An uncertainty quantification framework for multiscale parametrically homogenized constitutive models (PHCMs) of polycrystalline Ti alloys

Abstract

Abstract This paper develops an uncertainty quantified, parametrically homogenized constitutive model (UQ-PHCM) for microstructure-sensitive modeling and simulation at the structural scale. The PHCMs are thermodynamically consistent, macroscopic constitutive models, whose parameters are explicit functions of Representative Aggregated Microstructural Parameters or (RAMPs) that represent statistical distributions of morphological and crystallographic descriptors of the microstructure. The forms of the PHCM equations are chosen to reflect the fundamental deformation characteristics of aggregated response of crystal plasticity finite element model (CPFEM) simulations of microstructural statistically equivalent RVEs. Machine learning tools operate on datasets generated by CPFEM to obtain these functional forms. Significantly reduced number of solution variables in the PHCM simulations, compared to direct numerical simulations of micromechanical models, make them several orders of magnitude more efficient with good accuracy. The UQ-PHCM framework is built from computational homogenization of CPFE simulations performed on a large set of microstructures and load paths, followed by Bayesian inference from these results to derive probabilistic microstructure-dependent constitutive laws of the macroscopic material response. The framework addresses three sources of uncertainty that accrue at the model development and response prediction stages, viz: (i) model reduction error (MRE), (ii) data sparsity (DS), and (iii) microstructural variability (MSV) of the material.
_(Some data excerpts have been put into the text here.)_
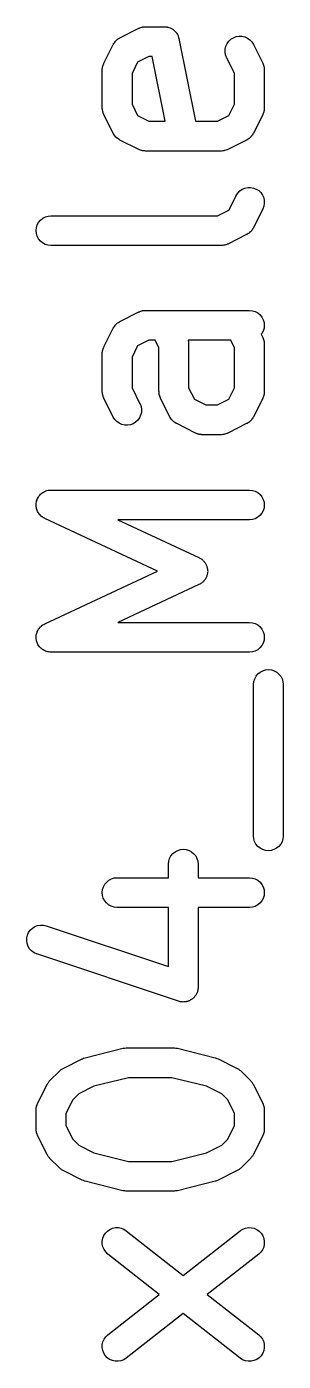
# Model space of a CAD drawing. Extents: x 118.6 to 187.3, y -130.9 to -41.9.
# Drawn here: x 138.8 to 140.09, y -73.28 to -66.56 of the extents above; entities that cross this region are included whole.
import ezdxf

# ---------------------------------------------------------------- set-up
doc = ezdxf.new("R2010")
doc.units = 0
doc.layers.add('BLACK', color=7, linetype='CONTINUOUS')

msp = doc.modelspace()

# ---------------------------------------------------------------- linework, layer by layer
at = {"layer": 'BLACK', "linetype": 'CONTINUOUS'}
for p, q in [((139.27, -66.6182), (139.365, -66.5705)), ((139.365, -66.5705), (139.366, -66.5701)), ((139.366, -66.5701), (139.368, -66.5693)), ((139.368, -66.5693), (139.37, -66.5683)), ((139.37, -66.5683), (139.375, -66.5668)), ((139.375, -66.5668), (139.38, -66.565)), ((139.38, -66.565), (139.382, -66.5647)), ((139.382, -66.5647), (139.384, -66.564)), ((139.384, -66.564), (139.389, -66.5635)), ((139.389, -66.5635), (139.394, -66.5627)), ((139.394, -66.5627), (139.396, -66.5628)), ((139.396, -66.5628), (139.399, -66.5626)), ((139.399, -66.5626), (139.494, -66.5626)), ((139.494, -66.5626), (139.494, -66.5626)), ((139.494, -66.5626), (139.494, -66.5626)), ((139.494, -66.5626), (139.495, -66.5626)), ((139.494, -66.5626), (139.494, -66.5626)), ((139.495, -66.5626), (139.502, -66.5634)), ((139.502, -66.5634), (139.509, -66.5641)), ((139.509, -66.5641), (139.509, -66.5642)), ((139.509, -66.5642), (139.509, -66.5643)), ((139.509, -66.5643), (139.516, -66.5664)), ((139.516, -66.5664), (139.523, -66.5684)), ((139.523, -66.5684), (139.523, -66.5686)), ((139.523, -66.5686), (139.523, -66.5687)), ((139.523, -66.5687), (139.53, -66.5721)), ((139.53, -66.5721), (139.536, -66.5754)), ((139.536, -66.5754), (139.536, -66.5756)), ((139.536, -66.5756), (139.536, -66.5757)), ((139.536, -66.5757), (139.542, -66.5803)), ((139.542, -66.5803), (139.547, -66.5847)), ((139.547, -66.5847), (139.547, -66.5849)), ((139.547, -66.5849), (139.547, -66.5851)), ((139.547, -66.5851), (139.552, -66.5906)), ((139.552, -66.5906), (139.556, -66.596)), ((139.556, -66.596), (139.556, -66.5963)), ((139.556, -66.5963), (139.557, -66.5966)), ((139.557, -66.5966), (139.56, -66.6027)), ((139.56, -66.6027), (139.563, -66.6089)), ((139.189, -66.7469), (139.236, -66.6517)), ((139.236, -66.6517), (139.237, -66.6508)), ((139.237, -66.6508), (139.238, -66.6494)), ((139.238, -66.6479), (139.242, -66.6433)), ((139.238, -66.6494), (139.238, -66.6479)), ((139.242, -66.6433), (139.245, -66.6385)), ((139.245, -66.6385), (139.246, -66.6373)), ((139.246, -66.6373), (139.247, -66.636)), ((139.247, -66.636), (139.251, -66.6321)), ((139.251, -66.6321), (139.255, -66.628)), ((139.255, -66.628), (139.256, -66.6271)), ((139.256, -66.6271), (139.257, -66.6259)), ((139.257, -66.6259), (139.262, -66.6229)), ((139.262, -66.6229), (139.267, -66.6197)), ((139.267, -66.6197), (139.268, -66.619)), ((139.268, -66.619), (139.27, -66.6182)), ((139.563, -66.6089), (139.563, -66.6092)), ((139.563, -66.6092), (139.563, -66.6095)), ((139.563, -66.6095), (139.565, -66.6162)), ((139.565, -66.6162), (139.567, -66.6229)), ((139.567, -66.6229), (139.651, -67.0388)), ((139.8, -66.675), (139.804, -66.6608)), ((139.8, -66.6896), (139.8, -66.675)), ((139.804, -66.6608), (139.81, -66.6475)), ((139.81, -66.6475), (139.819, -66.6356)), ((139.819, -66.6356), (139.829, -66.6256)), ((139.829, -66.6256), (139.842, -66.6179)), ((139.842, -66.6179), (139.855, -66.6128)), ((139.855, -66.6128), (139.87, -66.6104)), ((139.87, -66.6104), (139.884, -66.6109)), ((139.884, -66.6109), (139.899, -66.6142)), ((139.899, -66.6142), (139.912, -66.6202)), ((139.912, -66.6202), (139.924, -66.6287)), ((139.924, -66.6287), (139.934, -66.6393)), ((139.934, -66.6393), (139.942, -66.6517)), ((139.942, -66.6517), (139.989, -66.7469)), ((139.359, -66.7411), (139.331, -66.7982)), ((139.416, -66.7126), (139.359, -66.7411)), ((139.432, -66.7126), (139.416, -66.7126)), ((139.498, -67.0388), (139.432, -66.7126)), ((139.802, -66.7041), (139.8, -66.6896)), ((139.807, -66.7178), (139.802, -66.7041)), ((139.808, -66.7188), (139.807, -66.7178)), ((139.847, -66.7982), (139.808, -66.7188)), ((139.181, -66.775), (139.182, -66.77)), ((139.181, -66.7772), (139.181, -66.775)), ((139.181, -66.7794), (139.181, -66.7772)), ((139.181, -66.7805), (139.181, -66.7794)), ((139.181, -66.971), (139.181, -66.7805)), ((139.182, -66.7649), (139.183, -66.7628)), ((139.182, -66.77), (139.182, -66.7649)), ((139.183, -66.7606), (139.185, -66.7558)), ((139.183, -66.7628), (139.183, -66.7606)), ((139.185, -66.7558), (139.187, -66.7509)), ((139.187, -66.7509), (139.188, -66.749)), ((139.188, -66.749), (139.189, -66.7469)), ((139.331, -66.7982), (139.331, -66.9532)), ((139.847, -66.9532), (139.847, -66.7982)), ((139.989, -66.7469), (139.99, -66.7479)), ((139.99, -66.7479), (139.991, -66.7499)), ((139.991, -66.7499), (139.992, -66.7519)), ((139.992, -66.7519), (139.993, -66.7568)), ((139.993, -66.7568), (139.995, -66.7616)), ((139.995, -66.7616), (139.995, -66.7638)), ((139.995, -66.7638), (139.996, -66.7659)), ((139.996, -66.7659), (139.996, -66.771)), ((139.996, -66.771), (139.997, -66.7761)), ((139.997, -66.7761), (139.997, -66.7783)), ((139.997, -66.7783), (139.997, -66.7805)), ((139.997, -66.7805), (139.997, -66.971)), ((139.181, -66.9731), (139.181, -66.971)), ((139.181, -66.9754), (139.181, -66.9731)), ((139.182, -66.9804), (139.181, -66.9754)), ((139.182, -66.9855), (139.182, -66.9804)), ((139.183, -66.9876), (139.182, -66.9855)), ((139.183, -66.9898), (139.183, -66.9876)), ((139.185, -66.9946), (139.183, -66.9898)), ((139.186, -66.9995), (139.185, -66.9946)), ((139.187, -67.0015), (139.186, -66.9995)), ((139.188, -67.0036), (139.187, -67.0015)), ((139.189, -67.0045), (139.188, -67.0036)), ((139.236, -67.0997), (139.189, -67.0045)), ((139.331, -66.9532), (139.359, -67.0103)), ((139.359, -67.0103), (139.416, -67.0388)), ((139.762, -67.0388), (139.819, -67.0103)), ((139.819, -67.0103), (139.847, -66.9532)), ((139.989, -67.0045), (139.942, -67.0997)), ((139.99, -67.0024), (139.989, -67.0045)), ((139.991, -67.0005), (139.99, -67.0024)), ((139.993, -66.9956), (139.991, -67.0005)), ((139.995, -66.9908), (139.993, -66.9956)), ((139.996, -66.9865), (139.995, -66.9886)), ((139.995, -66.9886), (139.995, -66.9908)), ((139.997, -66.9764), (139.996, -66.9815)), ((139.996, -66.9815), (139.996, -66.9865)), ((139.997, -66.971), (139.997, -66.972)), ((139.997, -66.972), (139.997, -66.9742)), ((139.997, -66.9742), (139.997, -66.9764)), ((139.416, -67.0388), (139.498, -67.0388)), ((139.651, -67.0388), (139.762, -67.0388)), ((139.237, -67.1011), (139.236, -67.0997)), ((139.238, -67.1026), (139.237, -67.1011)), ((139.241, -67.1073), (139.238, -67.1026)), ((139.244, -67.1121), (139.241, -67.1073)), ((139.245, -67.1133), (139.244, -67.1121)), ((139.246, -67.1146), (139.245, -67.1133)), ((139.25, -67.1186), (139.246, -67.1146)), ((139.254, -67.1228), (139.25, -67.1186)), ((139.255, -67.1237), (139.254, -67.1228)), ((139.257, -67.1248), (139.255, -67.1237)), ((139.261, -67.1279), (139.257, -67.1248)), ((139.266, -67.1312), (139.261, -67.1279)), ((139.267, -67.1319), (139.266, -67.1312)), ((139.269, -67.1328), (139.267, -67.1319)), ((139.27, -67.1333), (139.269, -67.1328)), ((139.365, -67.1809), (139.27, -67.1333)), ((139.908, -67.1333), (139.813, -67.1809)), ((139.91, -67.1324), (139.908, -67.1333)), ((139.911, -67.1318), (139.91, -67.1324)), ((139.916, -67.1285), (139.911, -67.1318)), ((139.921, -67.1255), (139.916, -67.1285)), ((139.922, -67.1244), (139.921, -67.1255)), ((139.923, -67.1234), (139.922, -67.1244)), ((139.927, -67.1194), (139.923, -67.1234)), ((139.931, -67.1154), (139.927, -67.1194)), ((139.932, -67.1141), (139.931, -67.1154)), ((139.933, -67.1129), (139.932, -67.1141)), ((139.937, -67.1081), (139.933, -67.1129)), ((139.94, -67.1035), (139.937, -67.1081)), ((139.941, -67.1007), (139.94, -67.102)), ((139.94, -67.102), (139.94, -67.1035)), ((139.942, -67.0997), (139.941, -67.1007)), ((139.367, -67.1817), (139.365, -67.1809)), ((139.369, -67.1827), (139.367, -67.1817)), ((139.374, -67.1843), (139.369, -67.1827)), ((139.379, -67.1861), (139.374, -67.1843)), ((139.381, -67.1865), (139.379, -67.1861)), ((139.383, -67.1872), (139.381, -67.1865)), ((139.388, -67.1877), (139.383, -67.1872)), ((139.393, -67.1886), (139.388, -67.1877)), ((139.395, -67.1886), (139.393, -67.1886)), ((139.398, -67.1888), (139.395, -67.1886)), ((139.399, -67.1888), (139.398, -67.1888)), ((139.78, -67.1888), (139.399, -67.1888)), ((139.782, -67.1886), (139.78, -67.1888)), ((139.784, -67.1887), (139.782, -67.1886)), ((139.789, -67.1879), (139.784, -67.1887)), ((139.794, -67.1874), (139.789, -67.1879)), ((139.796, -67.1867), (139.794, -67.1874)), ((139.798, -67.1864), (139.796, -67.1867)), ((139.803, -67.1846), (139.798, -67.1864)), ((139.808, -67.1831), (139.803, -67.1846)), ((139.81, -67.1821), (139.808, -67.1831)), ((139.812, -67.1814), (139.81, -67.1821)), ((139.813, -67.1809), (139.812, -67.1814)), ((139.819, -67.4865), (139.855, -67.4136)), ((139.855, -67.4136), (139.856, -67.4127)), ((139.856, -67.4127), (139.864, -67.4004)), ((139.864, -67.4004), (139.874, -67.3899)), ((139.874, -67.3899), (139.886, -67.3816)), ((139.886, -67.3816), (139.899, -67.3757)), ((139.899, -67.3757), (139.914, -67.3726)), ((139.914, -67.3726), (139.928, -67.3724)), ((139.928, -67.3724), (139.943, -67.375)), ((139.943, -67.375), (139.956, -67.3803)), ((139.956, -67.3803), (139.969, -67.3882)), ((139.969, -67.3882), (139.979, -67.3983)), ((139.979, -67.3983), (139.988, -67.4103)), ((139.988, -67.4103), (139.994, -67.4237)), ((139.989, -67.4807), (139.942, -67.5759)), ((139.995, -67.467), (139.989, -67.4807)), ((139.994, -67.4237), (139.997, -67.438)), ((139.997, -67.4526), (139.995, -67.467)), ((139.997, -67.438), (139.997, -67.4526)), ((138.853, -67.5609), (138.86, -67.5481)), ((138.86, -67.5481), (138.87, -67.5368)), ((138.87, -67.5368), (138.881, -67.5275)), ((138.881, -67.5275), (138.894, -67.5207)), ((138.894, -67.5207), (138.908, -67.5164)), ((138.908, -67.5164), (138.922, -67.515)), ((138.922, -67.515), (139.762, -67.515)), ((139.762, -67.515), (139.819, -67.4865)), ((138.847, -67.5895), (138.849, -67.5749)), ((138.849, -67.6041), (138.847, -67.5895)), ((138.849, -67.5749), (138.853, -67.5609)), ((138.853, -67.6181), (138.849, -67.6041)), ((139.908, -67.6095), (139.813, -67.6571)), ((139.91, -67.6086), (139.908, -67.6095)), ((139.911, -67.608), (139.91, -67.6086)), ((139.916, -67.6047), (139.911, -67.608)), ((139.921, -67.6017), (139.916, -67.6047)), ((139.922, -67.6006), (139.921, -67.6017)), ((139.923, -67.5996), (139.922, -67.6006)), ((139.927, -67.5955), (139.923, -67.5996)), ((139.931, -67.5916), (139.927, -67.5955)), ((139.932, -67.5903), (139.931, -67.5916)), ((139.933, -67.5891), (139.932, -67.5903)), ((139.937, -67.5843), (139.933, -67.5891)), ((139.94, -67.5797), (139.937, -67.5843)), ((139.941, -67.5769), (139.94, -67.5782)), ((139.94, -67.5782), (139.94, -67.5797)), ((139.942, -67.5759), (139.941, -67.5769)), ((138.86, -67.6311), (138.853, -67.6181)), ((138.869, -67.6425), (138.86, -67.6311)), ((138.88, -67.6519), (138.869, -67.6425)), ((138.893, -67.6589), (138.88, -67.6519)), ((138.907, -67.6634), (138.893, -67.6589)), ((138.921, -67.665), (138.907, -67.6634)), ((138.922, -67.665), (138.921, -67.665)), ((139.78, -67.665), (138.922, -67.665)), ((139.782, -67.6648), (139.78, -67.665)), ((139.784, -67.6649), (139.782, -67.6648)), ((139.789, -67.6641), (139.784, -67.6649)), ((139.794, -67.6636), (139.789, -67.6641)), ((139.796, -67.6629), (139.794, -67.6636)), ((139.798, -67.6626), (139.796, -67.6629)), ((139.803, -67.6608), (139.798, -67.6626)), ((139.808, -67.6593), (139.803, -67.6608)), ((139.81, -67.6583), (139.808, -67.6593)), ((139.812, -67.6575), (139.81, -67.6583)), ((139.813, -67.6571), (139.812, -67.6575)), ((139.27, -68.0467), (139.365, -67.9991)), ((139.365, -67.9991), (139.366, -67.9986)), ((139.366, -67.9986), (139.368, -67.9979)), ((139.368, -67.9979), (139.37, -67.9968)), ((139.37, -67.9968), (139.375, -67.9954)), ((139.375, -67.9954), (139.38, -67.9936)), ((139.38, -67.9936), (139.382, -67.9933)), ((139.382, -67.9933), (139.384, -67.9926)), ((139.384, -67.9926), (139.389, -67.9921)), ((139.389, -67.9921), (139.394, -67.9913)), ((139.394, -67.9913), (139.396, -67.9914)), ((139.396, -67.9914), (139.399, -67.9912)), ((139.399, -67.9912), (139.922, -67.9912)), ((139.922, -67.9912), (139.923, -67.9912)), ((139.923, -67.9912), (139.938, -67.9928)), ((139.938, -67.9928), (139.952, -67.9973)), ((139.952, -67.9973), (139.965, -68.0043)), ((139.965, -68.0043), (139.976, -68.0137)), ((139.976, -68.0137), (139.985, -68.0251)), ((139.189, -68.1755), (139.236, -68.0803)), ((139.236, -68.0803), (139.237, -68.0793)), ((139.237, -68.0793), (139.238, -68.078)), ((139.238, -68.0765), (139.242, -68.0719)), ((139.238, -68.078), (139.238, -68.0765)), ((139.242, -68.0719), (139.245, -68.0671)), ((139.245, -68.0671), (139.246, -68.0659)), ((139.246, -68.0659), (139.247, -68.0646)), ((139.247, -68.0646), (139.251, -68.0606)), ((139.251, -68.0606), (139.255, -68.0566)), ((139.255, -68.0566), (139.256, -68.0556)), ((139.256, -68.0556), (139.257, -68.0545)), ((139.257, -68.0545), (139.262, -68.0515)), ((139.262, -68.0515), (139.267, -68.0482)), ((139.267, -68.0482), (139.268, -68.0476)), ((139.268, -68.0476), (139.27, -68.0467)), ((139.985, -68.0251), (139.992, -68.0381)), ((139.992, -68.0381), (139.996, -68.0521)), ((139.996, -68.0813), (139.992, -68.0953)), ((139.996, -68.0521), (139.997, -68.0667)), ((139.997, -68.0667), (139.996, -68.0813)), ((139.416, -68.1412), (139.359, -68.1697)), ((139.447, -68.1412), (139.416, -68.1412)), ((139.466, -68.1791), (139.447, -68.1412)), ((139.614, -68.1412), (139.614, -68.1426)), ((139.828, -68.1412), (139.614, -68.1412)), ((139.614, -68.1426), (139.614, -68.1447)), ((139.614, -68.1447), (139.615, -68.1469)), ((139.615, -68.1469), (139.616, -68.152)), ((139.616, -68.152), (139.616, -68.157)), ((139.847, -68.1791), (139.828, -68.1412)), ((139.985, -68.1081), (139.981, -68.1119)), ((139.981, -68.1119), (139.989, -68.1279)), ((139.992, -68.0953), (139.985, -68.1081)), ((139.989, -68.1279), (139.99, -68.1288)), ((139.99, -68.1288), (139.991, -68.1309)), ((139.991, -68.1309), (139.992, -68.1328)), ((139.992, -68.1328), (139.993, -68.1378)), ((139.993, -68.1378), (139.995, -68.1426)), ((139.995, -68.1426), (139.995, -68.1447)), ((139.995, -68.1447), (139.996, -68.1469)), ((139.996, -68.1469), (139.996, -68.152)), ((139.996, -68.152), (139.997, -68.157)), ((139.181, -68.2036), (139.182, -68.1985)), ((139.181, -68.2058), (139.181, -68.2036)), ((139.181, -68.208), (139.181, -68.2058)), ((139.181, -68.209), (139.181, -68.208)), ((139.181, -68.3995), (139.181, -68.209)), ((139.182, -68.1935), (139.183, -68.1914)), ((139.182, -68.1985), (139.182, -68.1935)), ((139.183, -68.1892), (139.185, -68.1844)), ((139.183, -68.1914), (139.183, -68.1892)), ((139.185, -68.1844), (139.187, -68.1795)), ((139.187, -68.1795), (139.188, -68.1776)), ((139.188, -68.1776), (139.189, -68.1755)), ((139.359, -68.1697), (139.331, -68.2268)), ((139.466, -68.3995), (139.466, -68.1791)), ((139.616, -68.157), (139.616, -68.1592)), ((139.616, -68.1592), (139.616, -68.1614)), ((139.616, -68.1614), (139.616, -68.3818)), ((139.847, -68.3818), (139.847, -68.1791)), ((139.997, -68.157), (139.997, -68.1592)), ((139.997, -68.1592), (139.997, -68.1614)), ((139.997, -68.1614), (139.997, -68.3995)), ((139.331, -68.2268), (139.331, -68.3818)), ((139.181, -68.4017), (139.181, -68.3995)), ((139.181, -68.4039), (139.181, -68.4017)), ((139.182, -68.409), (139.181, -68.4039)), ((139.182, -68.4141), (139.182, -68.409)), ((139.183, -68.4162), (139.182, -68.4141)), ((139.183, -68.4184), (139.183, -68.4162)), ((139.185, -68.4232), (139.183, -68.4184)), ((139.331, -68.3818), (139.37, -68.4612)), ((139.467, -68.4017), (139.466, -68.3995)), ((139.467, -68.4039), (139.467, -68.4017)), ((139.467, -68.409), (139.467, -68.4039)), ((139.468, -68.4141), (139.467, -68.409)), ((139.468, -68.4162), (139.468, -68.4141)), ((139.469, -68.4184), (139.468, -68.4162)), ((139.471, -68.4232), (139.469, -68.4184)), ((139.616, -68.3818), (139.645, -68.4389)), ((139.819, -68.4389), (139.847, -68.3818)), ((139.995, -68.4194), (139.993, -68.4242)), ((139.996, -68.4151), (139.995, -68.4172)), ((139.995, -68.4172), (139.995, -68.4194)), ((139.997, -68.405), (139.996, -68.41)), ((139.996, -68.41), (139.996, -68.4151)), ((139.997, -68.3995), (139.997, -68.4006)), ((139.997, -68.4006), (139.997, -68.4028)), ((139.997, -68.4028), (139.997, -68.405)), ((139.186, -68.4281), (139.185, -68.4232)), ((139.187, -68.4301), (139.186, -68.4281)), ((139.188, -68.4321), (139.187, -68.4301)), ((139.189, -68.4331), (139.188, -68.4321)), ((139.236, -68.5283), (139.189, -68.4331)), ((139.37, -68.4612), (139.371, -68.4622)), ((139.371, -68.4622), (139.376, -68.4759)), ((139.376, -68.4759), (139.378, -68.4904)), ((139.472, -68.4281), (139.471, -68.4232)), ((139.473, -68.4301), (139.472, -68.4281)), ((139.474, -68.4321), (139.473, -68.4301)), ((139.474, -68.4331), (139.474, -68.4321)), ((139.522, -68.5283), (139.474, -68.4331)), ((139.645, -68.4389), (139.702, -68.4674)), ((139.702, -68.4674), (139.762, -68.4674)), ((139.762, -68.4674), (139.819, -68.4389)), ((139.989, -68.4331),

A series expansion-based uncertainty propagation (UP) method, which is much more efficient than Monte Carlo sampling, is developed to propagate uncertainties to the material response variables. The UQ-PHCM framework is validated by comparing the stochastic predictions with a collection of CPFEM-based results and limited experimental data on the\u2009 α -phase Ti alloy, Ti-7Al. Finally the UQ-PHCM is used to simulate an engine blade under operating conditions to test its viability in real applications. Results are discussed from the perspective of extreme values and microstructure-informed predictions of fatigue nucleation.